Iran sends sick German woman back to prison: daughter

BERLIN (AFP): A German-Iranian woman held for rights activism in Iran has been sent back to prison after being granted medical leave four months ago, her daughter said on Sunday.

“Despite not completing medical treatment but with her head held high, my mother Nahid Taghavi was forced to go back to Evin Prison on Sunday 13th November,” Mariam Claren wrote on Twitter.

Taghavi was arrested in October 2020 after fighting for human rights in Iran for years, especially women’s rights and freedom of expression, according to the rights group IGFM.

Taghavi spent seven months in solitary confinement and was interrogated by Iran’s Revolutionary Guards for more than 1,000 hours without legal assistance, her daughter said.

She was handed a decade-long sentence last year for participating in an outlawed group, a verdict Germany described as “incomprehensible.”
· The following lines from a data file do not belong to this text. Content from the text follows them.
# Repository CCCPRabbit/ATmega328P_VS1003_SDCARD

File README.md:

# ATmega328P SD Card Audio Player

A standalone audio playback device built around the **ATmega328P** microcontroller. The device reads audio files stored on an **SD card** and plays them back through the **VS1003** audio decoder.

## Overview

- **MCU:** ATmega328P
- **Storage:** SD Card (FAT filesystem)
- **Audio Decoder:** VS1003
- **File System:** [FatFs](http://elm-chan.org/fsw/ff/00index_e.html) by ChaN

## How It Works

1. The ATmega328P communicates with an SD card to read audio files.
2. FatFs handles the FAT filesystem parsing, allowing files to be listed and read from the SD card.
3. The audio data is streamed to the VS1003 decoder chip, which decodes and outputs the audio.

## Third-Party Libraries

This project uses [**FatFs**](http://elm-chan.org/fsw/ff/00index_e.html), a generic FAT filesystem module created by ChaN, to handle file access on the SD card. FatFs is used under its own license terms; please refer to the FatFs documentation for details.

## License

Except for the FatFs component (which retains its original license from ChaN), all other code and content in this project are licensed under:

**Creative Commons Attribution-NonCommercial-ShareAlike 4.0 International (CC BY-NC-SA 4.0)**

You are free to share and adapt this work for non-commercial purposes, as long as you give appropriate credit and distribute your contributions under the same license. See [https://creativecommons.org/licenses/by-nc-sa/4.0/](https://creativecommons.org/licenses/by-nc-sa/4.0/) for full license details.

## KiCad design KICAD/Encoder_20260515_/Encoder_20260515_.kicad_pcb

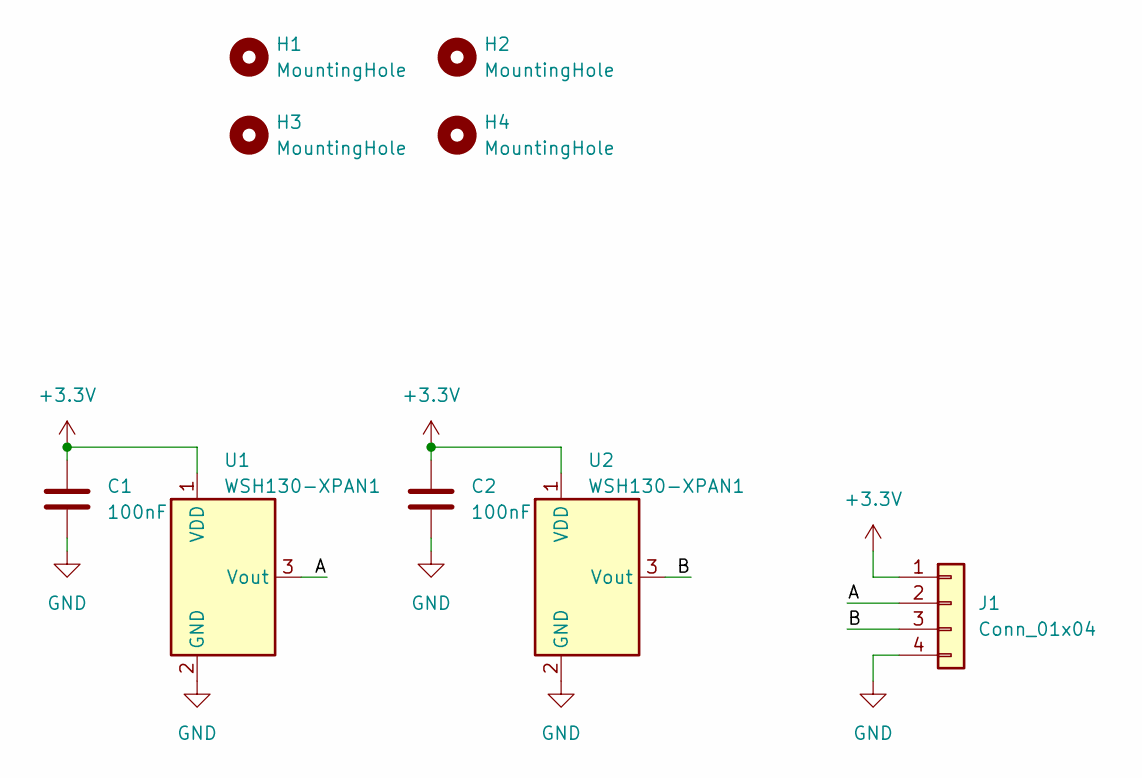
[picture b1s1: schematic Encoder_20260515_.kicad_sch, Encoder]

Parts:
C1, C2: 100nF; C_0603_1608Metric
H1, H2, H3, H4: MountingHole; MountingHole_2.2mm_M2
J1: Conn_01x04; Molex_PicoBlade_53047-0410_1x04_P1.25mm_Vertical
U1, U2: WSH130-XPAN1; TO-92S

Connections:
+3.3V: C1.1, C2.1, J1.1, U1.1 (VDD), U2.1 (VDD)
/A: J1.2, U1.3 (Vout)
/B: J1.3, U2.3 (Vout)
GND: C1.2, C2.2, J1.4, U1.2 (GND), U2.2 (GND)

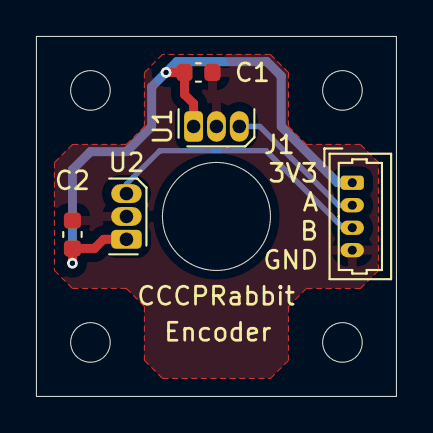
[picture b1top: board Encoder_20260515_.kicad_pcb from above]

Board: 2 copper layers, 20.0 x 20.0 mm, 9 parts (0 on the bottom side), 4 nets.

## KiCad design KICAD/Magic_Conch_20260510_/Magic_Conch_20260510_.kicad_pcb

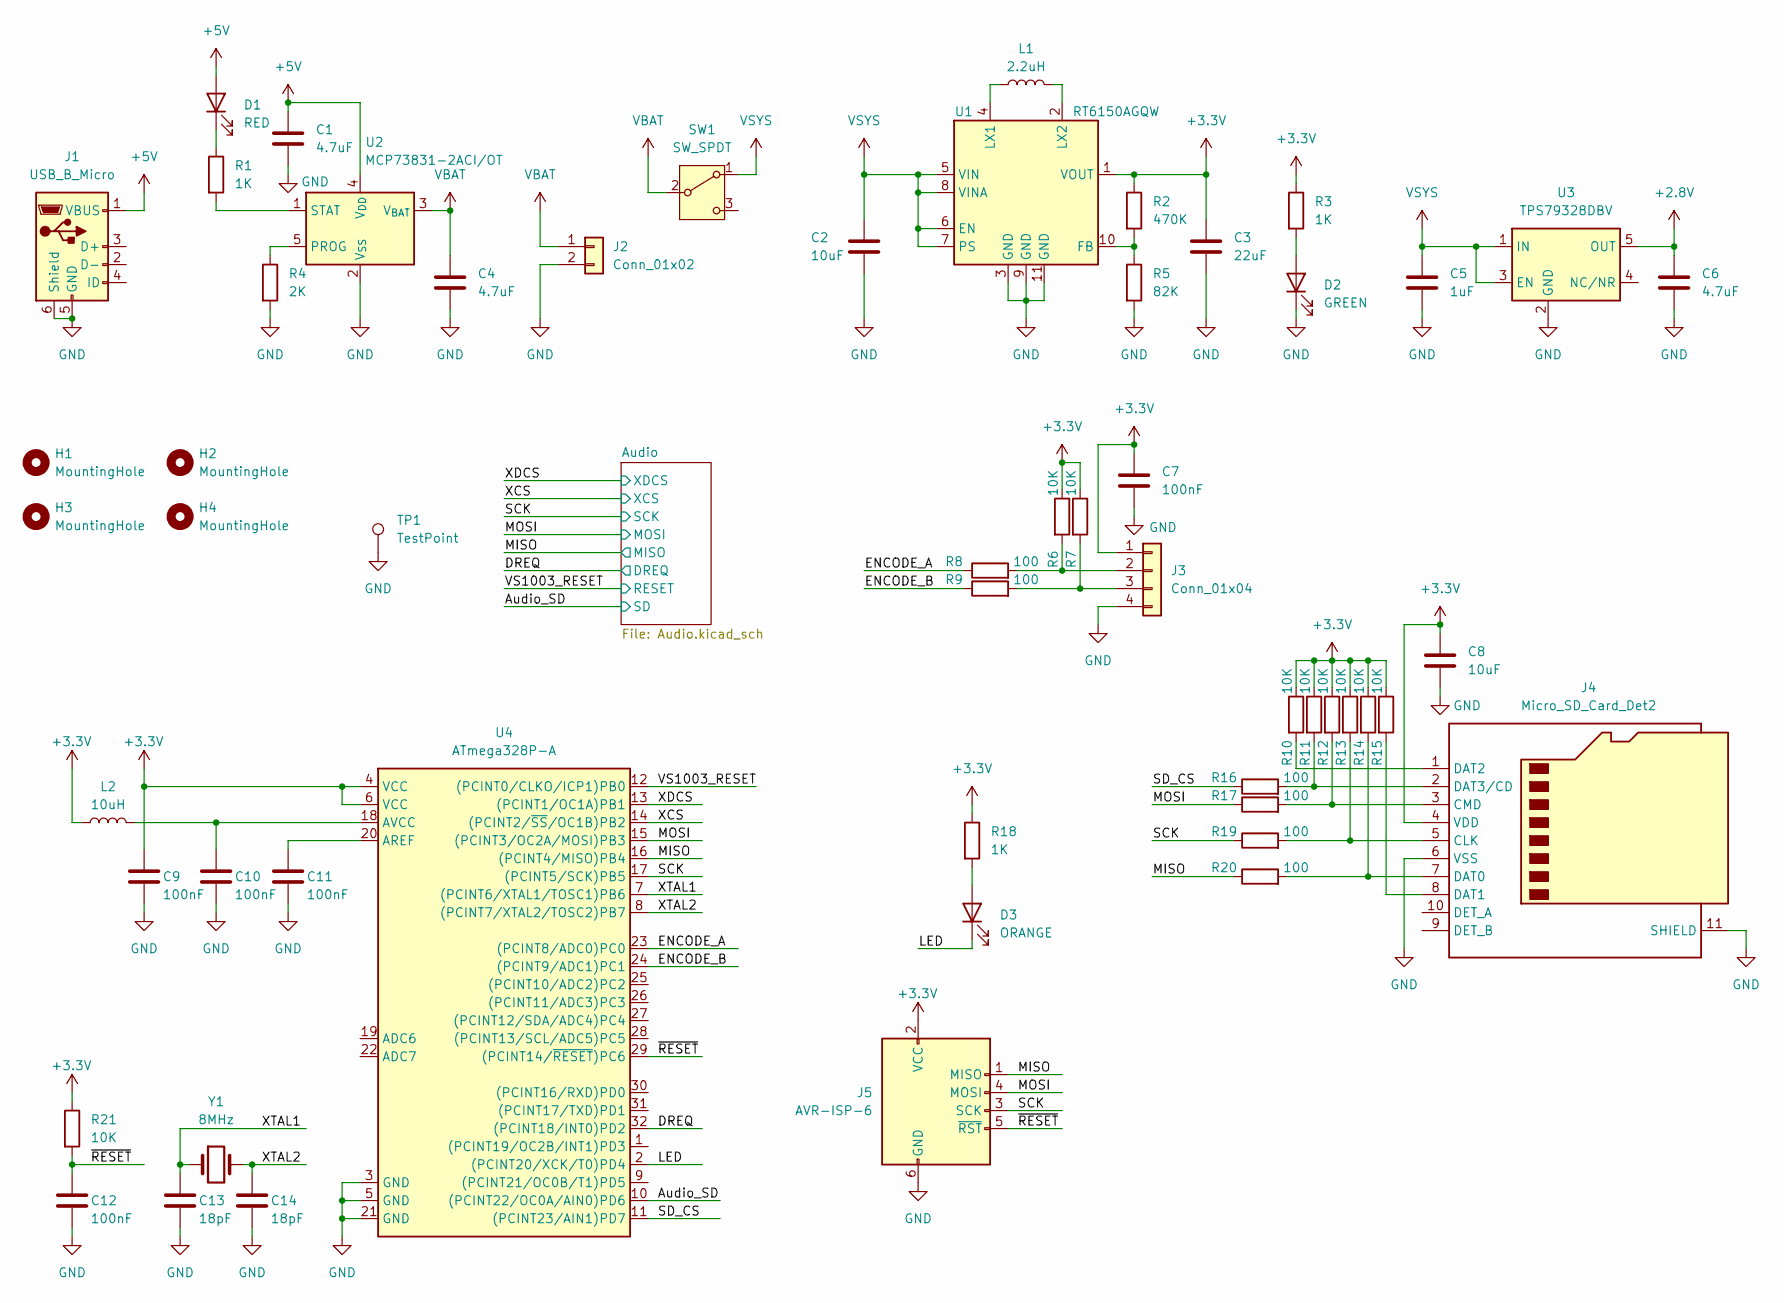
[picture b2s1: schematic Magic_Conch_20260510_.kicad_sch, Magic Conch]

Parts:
C1, C4, C6: 4.7uF; C_0603_1608Metric
C2, C8: 10uF; C_0603_1608Metric
C3: 22uF; C_0603_1608Metric
C5: 1uF; C_0603_1608Metric
C7, C9, C10, C11, C12: 100nF; C_0603_1608Metric
C13, C14: 18pF; C_0603_1608Metric
D1: RED; LED_0603_1608Metric
D2: GREEN; LED_0603_1608Metric
D3: ORANGE; LED_0603_1608Metric
H1, H2, H3, H4: MountingHole; MountingHole_3.2mm_M3
J1: USB_B_Micro; USB_Micro-B_Amphenol_10118194_Horizontal
J2: Conn_01x02; Molex_PicoBlade_53047-0210_1x02_P1.25mm_Vertical
J3: Conn_01x04; Molex_PicoBlade_53047-0410_1x04_P1.25mm_Vertical
J4: Micro_SD_Card_Det2; microSD_HC_Hirose_DM3AT-SF-PEJM5
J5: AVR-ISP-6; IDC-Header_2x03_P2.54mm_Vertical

According to Claren, Taghavi was granted “an urgently needed medical furlough” on July 19 for back and neck problems.

She also reportedly suffers from pre-existing conditions including high blood pressure and diabetes.

Protests have erupted across Iran since September in response to the death of a young Kurdish woman, Mahsa Amini, after her arrest by the country’s notorious morality police.

She had allegedly breached the Islamic dress code for women.

Dozens of people have been killed and hundreds more arrested in the unrest, with Iran on Sunday issuing its first death sentence over the protests.

Claren said Taghavi was “one of countless political prisoners” in Iran.

“Since the death of (Amini) in police custody and the ongoing revolutionary movement in Iran, the whole world has witnessed the reprisals of this inhuman regime,” she said.